A 15-year-old otherwise healthy boy presents with a complaint of intermittent abdominal distention, crampy abdominal pain, and excessive flatulence. He first started noticing these symptoms when he moved into his father’s house, and his stepmother insisted on milk at dinner every night. He has normal growth, has not lost weight, and has no travel history. Which of the following is the most appropriate diagnostic study to diagnose his condition?

a. Barium swallow and upper GI

b. Hydrogen excretion in breath after oral administration of lactose

c. Esophageal manometry

d. Stool pH

e. Serum lactose levels

the answer is below…

The United States Medical Licensing Examination, or USMLE for short, is a three-part licensing examination that is required in order to receive a license to practice medicine within the United States.

The USMLE assesses a physician’s ability to apply knowledge, concepts, and principles, and to determine fundamental patient-centered skills that are important in health and disease and that constitute the basis of safe and effective patient care.Examination committees composed of medical educators and clinicians from across the United States and its territories prepare the examination materials each year.

This exam is designed by the Federation of State Medical Boards and the National Board of Medical Examiners to determine whether or not an individual understands and can apply the knowledge necessary to practice medicine safely and intelligently.

The USMLE is actually comprised of three different exams that are referred to as steps, which examine the individual’s knowledge of specific topics related to the field of medicine such as basic science, medical knowledge, medical skills, clinical science, and the application of all of these skills and areas of knowledge in the medical field.

All three steps of the USMLE include a series of computerized multiple-choice questions, but the format of the exam and the information covered in each multiple-choice section is different for each step of the USMLE. The USMLE Step II also has a clinical skills portion that examines an individual’s ability to work with real patients and the USMLE Step III has a computerized patient simulation portion in addition to the multiple-choice section of the exam. In order for an individual to receive a license to practice medicine, the individual must pass all three steps of the USMLE.

Medical doctors with an M.D. degree are required to pass this examination before being permitted to practice medicine in the United States of America

The correct answer is b; Hydrogen excretion in breath after oral administration of lactose.[2]

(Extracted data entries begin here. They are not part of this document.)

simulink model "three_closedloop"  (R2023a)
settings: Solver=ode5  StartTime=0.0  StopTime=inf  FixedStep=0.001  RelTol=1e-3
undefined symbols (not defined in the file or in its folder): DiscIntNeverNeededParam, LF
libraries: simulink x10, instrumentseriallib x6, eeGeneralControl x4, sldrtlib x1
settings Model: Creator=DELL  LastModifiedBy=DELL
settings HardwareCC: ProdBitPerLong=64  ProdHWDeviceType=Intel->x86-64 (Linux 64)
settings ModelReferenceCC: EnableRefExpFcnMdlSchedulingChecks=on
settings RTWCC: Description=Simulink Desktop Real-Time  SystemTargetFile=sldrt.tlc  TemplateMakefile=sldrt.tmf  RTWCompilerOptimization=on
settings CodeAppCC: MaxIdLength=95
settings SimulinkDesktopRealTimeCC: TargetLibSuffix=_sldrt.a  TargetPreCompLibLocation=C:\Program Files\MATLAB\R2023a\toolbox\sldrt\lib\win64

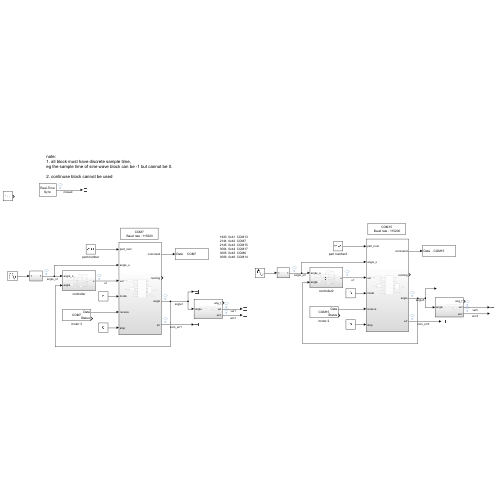
[thumbnail: Simulink's stored preview of the top-level diagram]
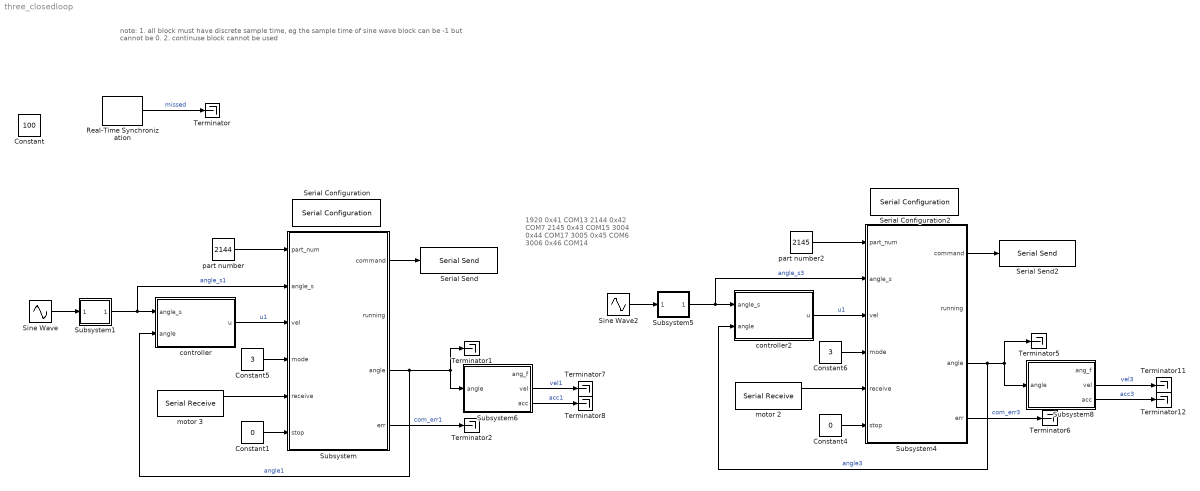
== system three_closedloop ==
  note: note:
      | 1. all block must have discrete sample time,
      | eg the sample time of sine wave block can be -1 but cannot be 0.
      |
      | 2. continuse block cannot be used
  note: 1920  0x41  COM13
      | 2144  0x42  COM7
      | 2145  0x43  COM15
      | 3004  0x44  COM17
      | 3005  0x45  COM6
      | 3006  0x46  COM14
  Constant : Constant  Value=100
  Constant1 : Constant  Value=0
  Constant4 : Constant  Value=0
  Constant5 : Constant  Value=3
  Constant6 : Constant  Value=3
  Real-Time Synchronization : sldrtlib/Real-Time Synchronization  SampleTime=0.01  MaxMissedTicks=inf  ShowMissedTicks=on  YieldWhenWaiting=off
  Serial Configuration : instrumentseriallib/Serial Configuration  Priority=-200000  PortSel=COM7  Port=COM7  ComPort=COM7  BaudRate=115200  DataBits=8  Parity=none  StopBits=1  ByteOrder=little-endian  FlowControl=none  Timeout=10  SimulateUsing=Interpreted execution  BlockInModel=on  aMode=1
  Serial Configuration2 : instrumentseriallib/Serial Configuration  Priority=-200000  PortSel=COM15  Port=COM15  ComPort=COM15  BaudRate=115200  DataBits=8  Parity=none  StopBits=1  ByteOrder=little-endian  FlowControl=none  Timeout=10  SimulateUsing=Interpreted execution  BlockInModel=on  aMode=1
  Serial Send : instrumentseriallib/Serial Send  Priority=1  PortSel=COM7  Port=COM7  ComPort=COM7  Header=[]  Terminator=<none>  CustomTerminator=[]  EnableBlockingMode=off  SimulateUsing=Interpreted execution  BlockInModel=on  aMode=1
  Serial Send2 : instrumentseriallib/Serial Send  Priority=1  PortSel=COM15  Port=COM15  ComPort=COM15  Header=[]  Terminator=<none>  CustomTerminator=[]  EnableBlockingMode=off  SimulateUsing=Interpreted execution  BlockInModel=on  aMode=1
  Sine Wave : Sin  Amplitude=15  Phase=pi/4
  Sine Wave2 : Sin  Amplitude=15
  Subsystem : Subsystem
  Subsystem1 : Subsystem
  Subsystem4 : Subsystem
  Subsystem5 : Subsystem
  Subsystem6 : Subsystem
  Subsystem8 : Subsystem
  Terminator{,1..2,5..8,11..12} (9 alike) : Terminator
  controller : Subsystem
  controller2 : Subsystem
  motor 2 : instrumentseriallib/Serial Receive  Priority=1  PortSel=COM15  Port=COM15  ComPort=COM15  DataType=uint8  SaveDataType=uint8  ToggleHeader=off  Header=[]  ToggleTerminator=on  Terminator=LF ('\n')  CustomTerminator=[]  InputFormat=Column major  ToggleDataSize=on  DataSize=[1 7]  EnableBlockingMode=off  ActionDataUnavailable=Output last received value  ActionWhenDataUnavailable=Output last received value  CustomValue=0  SampleTime=0.005  SimulateUsing=Interpreted execution  BlockInModel=on  aMode=1
  motor 3 : instrumentseriallib/Serial Receive  Priority=1  PortSel=COM7  Port=COM7  ComPort=COM7  DataType=uint8  SaveDataType=uint8  ToggleHeader=off  Header=[]  ToggleTerminator=on  Terminator=LF ('\n')  CustomTerminator=[]  InputFormat=Column major  ToggleDataSize=on  DataSize=[1 7]  EnableBlockingMode=off  ActionDataUnavailable=Output last received value  ActionWhenDataUnavailable=Output last received value  CustomValue=0  SampleTime=0.005  SimulateUsing=Interpreted execution  BlockInModel=on  aMode=1
  part number : Constant  Value=2144
  part number2 : Constant  Value=2145
  wires:
  Subsystem1/1(Out1) -> Subsystem/2(angle_s), controller/1(angle_s)  "angle_s1"
  Subsystem/3(angle) -> Subsystem6/1(angle), Terminator1/1, controller/2(angle)  "angle1"
  part number/1 -> Subsystem/1(part_num)
  Constant5/1 -> Subsystem/4(mode)
  motor 3/1 -> Subsystem/5(receive)
  Subsystem/1(command) -> Serial Send/1
  Subsystem/4(err) -> Terminator2/1  "com_err1"
  controller/1(u) -> Subsystem/3(vel)  "u1"
  Sine Wave/1 -> Subsystem1/1(In1)
  Real-Time Synchronization/1 -> Terminator/1  "missed"
  Constant1/1 -> Subsystem/6(stop)
  Constant6/1 -> Subsystem4/4(mode)
  motor 2/1 -> Subsystem4/5(receive)
  part number2/1 -> Subsystem4/1(part_num)
  controller2/1(u) -> Subsystem4/3(vel)  "u1"
  Subsystem4/1(command) -> Serial Send2/1
  Subsystem4/3(angle) -> Subsystem8/1(angle), Terminator5/1, controller2/2(angle)  "angle3"
  Constant4/1 -> Subsystem4/6(stop)
  Subsystem4/4(err) -> Terminator6/1  "com_err3"
  Subsystem5/1(Out1) -> Subsystem4/2(angle_s), controller2/1(angle_s)  "angle_s3"
  Sine Wave2/1 -> Subsystem5/1(In1)
  Subsystem6/2(vel) -> Terminator7/1  "vel1"
  Subsystem6/3(acc) -> Terminator8/1  "acc1"
  Subsystem8/2(vel) -> Terminator11/1  "vel3"
  Subsystem8/3(acc) -> Terminator12/1  "acc3"

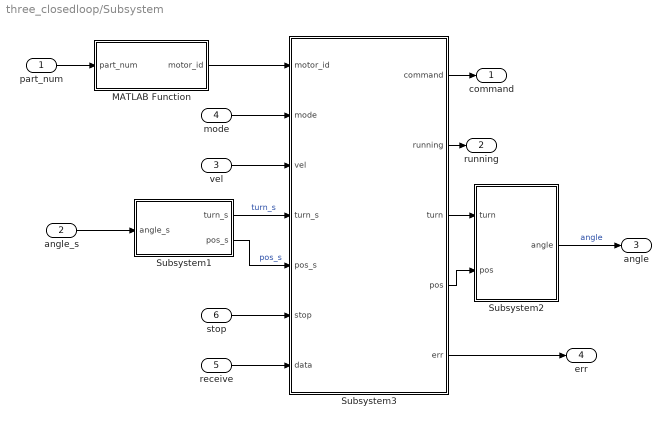
== system three_closedloop/Subsystem ==
  part_num : Inport
  angle_s : Inport  Port=2
  vel : Inport  Port=3
  mode : Inport  Port=4
  receive : Inport  Port=5
  stop : Inport  Port=6
  MATLAB Function : MATLAB Function  TreatAsAtomicUnit=on
  Subsystem1 : Subsystem
  Subsystem2 : Subsystem
  Subsystem3 : Subsystem
  command : Outport
  running : Outport  Port=2
  angle : Outport  Port=3
  err : Outport  Port=4
  wires:
  Subsystem3/4(pos) -> Subsystem2/2(pos)
  Subsystem1/1(turn_s) -> Subsystem3/4(turn_s)  "turn_s"
  Subsystem1/2(pos_s) -> Subsystem3/5(pos_s)  "pos_s"
  MATLAB Function/1(motor_id) -> Subsystem3/1(motor_id)
  part_num/1 -> MATLAB Function/1(part_num)
  Subsystem3/3(turn) -> Subsystem2/1(turn)
  Subsystem2/1(angle) -> angle/1  "angle"
  angle_s/1 -> Subsystem1/1(angle_s)
  Subsystem3/5(err) -> err/1
  Subsystem3/2(running) -> running/1
  receive/1 -> Subsystem3/7(data)
  vel/1 -> Subsystem3/3(vel)
  Subsystem3/1(command) -> command/1
  mode/1 -> Subsystem3/2(mode)
  stop/1 -> Subsystem3/6(stop)

== system three_closedloop/Subsystem1 ==
  In1 : Inport
  Out1 : Outport
  wires:
  In1/1 -> Out1/1

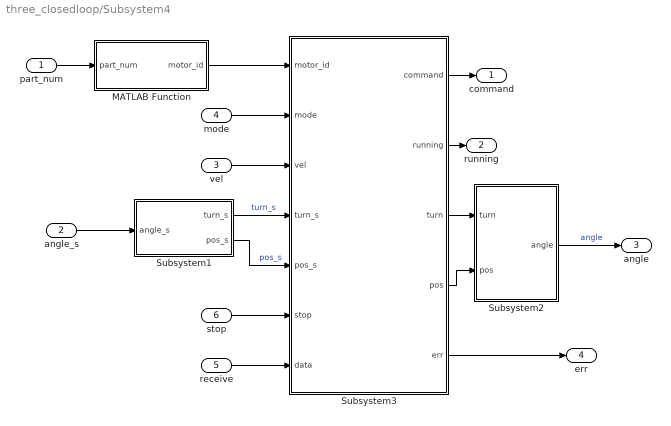
== system three_closedloop/Subsystem4 ==
  part_num : Inport
  angle_s : Inport  Port=2
  vel : Inport  Port=3
  mode : Inport  Port=4
  receive : Inport  Port=5
  stop : Inport  Port=6
  MATLAB Function : MATLAB Function  TreatAsAtomicUnit=on
  Subsystem1 : Subsystem
  Subsystem2 : Subsystem
  Subsystem3 : Subsystem
  command : Outport
  running : Outport  Port=2
  angle : Outport  Port=3
  err : Outport  Port=4
  wires:
  Subsystem3/4(pos) -> Subsystem2/2(pos)
  Subsystem1/1(turn_s) -> Subsystem3/4(turn_s)  "turn_s"
  Subsystem1/2(pos_s) -> Subsystem3/5(pos_s)  "pos_s"
  MATLAB Function/1(motor_id) -> Subsystem3/1(motor_id)
  part_num/1 -> MATLAB Function/1(part_num)
  Subsystem3/3(turn) -> Subsystem2/1(turn)
  Subsystem2/1(angle) -> angle/1  "angle"
  angle_s/1 -> Subsystem1/1(angle_s)
  Subsystem3/5(err) -> err/1
  Subsystem3/2(running) -> running/1
  receive/1 -> Subsystem3/7(data)
  vel/1 -> Subsystem3/3(vel)
  Subsystem3/1(command) -> command/1
  mode/1 -> Subsystem3/2(mode)
  stop/1 -> Subsystem3/6(stop)

== system three_closedloop/Subsystem5 ==
  In1 : Inport
  Out1 : Outport
  wires:
  In1/1 -> Out1/1

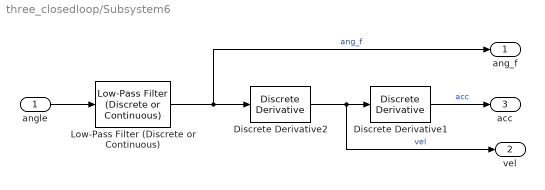
== system three_closedloop/Subsystem6 ==
  angle : Inport
  Discrete Derivative1 : simulink/Discrete/Discrete Derivative  gainval=1.0  ICPrevScaledInput=0.0  OutMin=[]  OutMax=[]  OutDataType=fixdt(1, 16)  OutScaling=2^-10  DoSatur=off
  Discrete Derivative2 : simulink/Discrete/Discrete Derivative  gainval=1.0  ICPrevScaledInput=0.0  OutMin=[]  OutMax=[]  OutDataType=fixdt(1, 16)  OutScaling=2^-10  DoSatur=off
  Low-Pass Filter (Discrete or Continuous) : eeGeneralControl/Low-Pass Filter (Discrete or Continuous)  K=1  T=0.1  B=inf  A=-inf  init_option=Inherited from block input  x0=0  Ts=-1
  ang_f : Outport
  vel : Outport  Port=2
  acc : Outport  Port=3
  wires:
  Discrete Derivative2/1 -> vel/1, Discrete Derivative1/1  "vel"
  Low-Pass Filter (Discrete or Continuous)/1 -> ang_f/1, Discrete Derivative2/1  "ang_f"
  angle/1 -> Low-Pass Filter (Discrete or Continuous)/1
  Discrete Derivative1/1 -> acc/1  "acc"

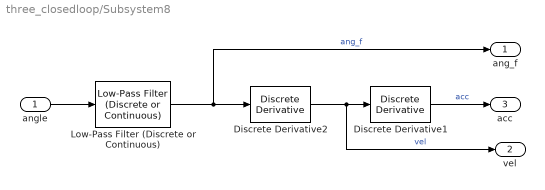
== system three_closedloop/Subsystem8 ==
  angle : Inport
  Discrete Derivative1 : simulink/Discrete/Discrete Derivative  gainval=1.0  ICPrevScaledInput=0.0  OutMin=[]  OutMax=[]  OutDataType=fixdt(1, 16)  OutScaling=2^-10  DoSatur=off
  Discrete Derivative2 : simulink/Discrete/Discrete Derivative  gainval=1.0  ICPrevScaledInput=0.0  OutMin=[]  OutMax=[]  OutDataType=fixdt(1, 16)  OutScaling=2^-10  DoSatur=off
  Low-Pass Filter (Discrete or Continuous) : eeGeneralControl/Low-Pass Filter (Discrete or Continuous)  K=1  T=0.1  B=inf  A=-inf  init_option=Inherited from block input  x0=0  Ts=-1
  ang_f : Outport
  vel : Outport  Port=2
  acc : Outport  Port=3
  wires:
  Discrete Derivative2/1 -> vel/1, Discrete Derivative1/1  "vel"
  Low-Pass Filter (Discrete or Continuous)/1 -> ang_f/1, Discrete Derivative2/1  "ang_f"
  angle/1 -> Low-Pass Filter (Discrete or Continuous)/1
  Discrete Derivative1/1 -> acc/1  "acc"

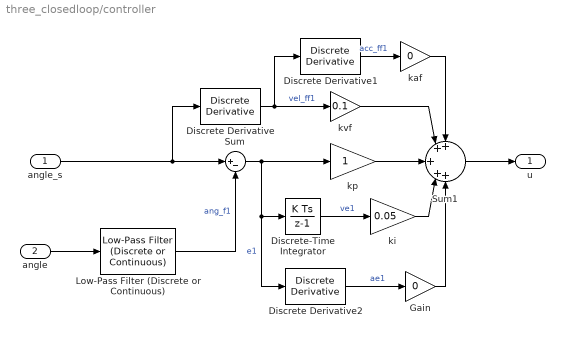
== system three_closedloop/controller ==
  angle_s : Inport
  angle : Inport  Port=2
  Discrete Derivative : simulink/Discrete/Discrete Derivative  gainval=1.0  ICPrevScaledInput=0.0  OutMin=[]  OutMax=[]  OutDataType=fixdt(1, 16)  OutScaling=2^-10  DoSatur=off
  Discrete Derivative1 : simulink/Discrete/Discrete Derivative  gainval=1.0  ICPrevScaledInput=0.0  OutMin=[]  OutMax=[]  OutDataType=fixdt(1, 16)  OutScaling=2^-10  DoSatur=off
  Discrete Derivative2 : simulink/Discrete/Discrete Derivative  gainval=1.0  ICPrevScaledInput=0.0  OutMin=[]  OutMax=[]  OutDataType=fixdt(1, 16)  OutScaling=2^-10  DoSatur=off
  Discrete-Time Integrator : DiscreteIntegrator  SampleTime=-1  ICPrevOutput=DiscIntNeverNeededParam  ICPrevScaledInput=DiscIntNeverNeededParam
  Gain : Gain  Gain=0
  Low-Pass Filter (Discrete or Continuous) : eeGeneralControl/Low-Pass Filter (Discrete or Continuous)  K=1  T=0.1  B=inf  A=-inf  init_option=Inherited from block input  x0=0  Ts=-1
  Sum : Sum  Inputs=|+-
  Sum1 : Sum  Inputs=++|+|++
  kaf : Gain  Gain=0
  ki : Gain  Gain=0.05
  kp : Gain
  kvf : Gain  Gain=0.1
  u : Outport
  wires:
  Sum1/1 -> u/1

Lactase is a disaccharidase localized in the brush border of the intestinal villous cells. It hydrolyzes lactose to its constituent monosaccharides, glucose and galactose. Intestinal lactase levels are usually normal at birth in all populations; however, lactase deficiency is a common, genetically predetermined condition. Lactase activity is not readily increased by the oral administration of substrate or the inclusion of lactose in the diet. The clinical symptoms of lactose malabsorption are due to the presence of osmotically active, undigested lactose, which may act to increase intestinal fluid volume, alter transit time, and produce the symptoms of abdominal cramps, distention, and occasionally, watery diarrhea. Bacterial metabolism of the nonabsorbed carbohydrates in the colon into carbon dioxide and hydrogen may contribute to the clinical symptoms. Acquired lactase deficiency is often associated with conditions of the gastrointestinal tract that cause intestinal mucosal injury (e.g., sprue and regional enteritis). Diagnostic techniques for lactose intolerance include removal of the offending sugar, with a reproduction of symptoms upon reintroduction. Although the ingestion of even small amounts of lactose can be diagnostic if gastrointestinal symptoms occur, the measurement of breath hydrogen is more specific, as it is not affected by glucose metabolism or gastric emptying. Similarly, an acidic stool pH in the presence of reducing substances would be diagnostic. Direct measurement of enzyme levels combined with histologic evaluation helps to differentiate an acquired (secondary versus primary) lactase deficiency in which the intestinal histology is normal.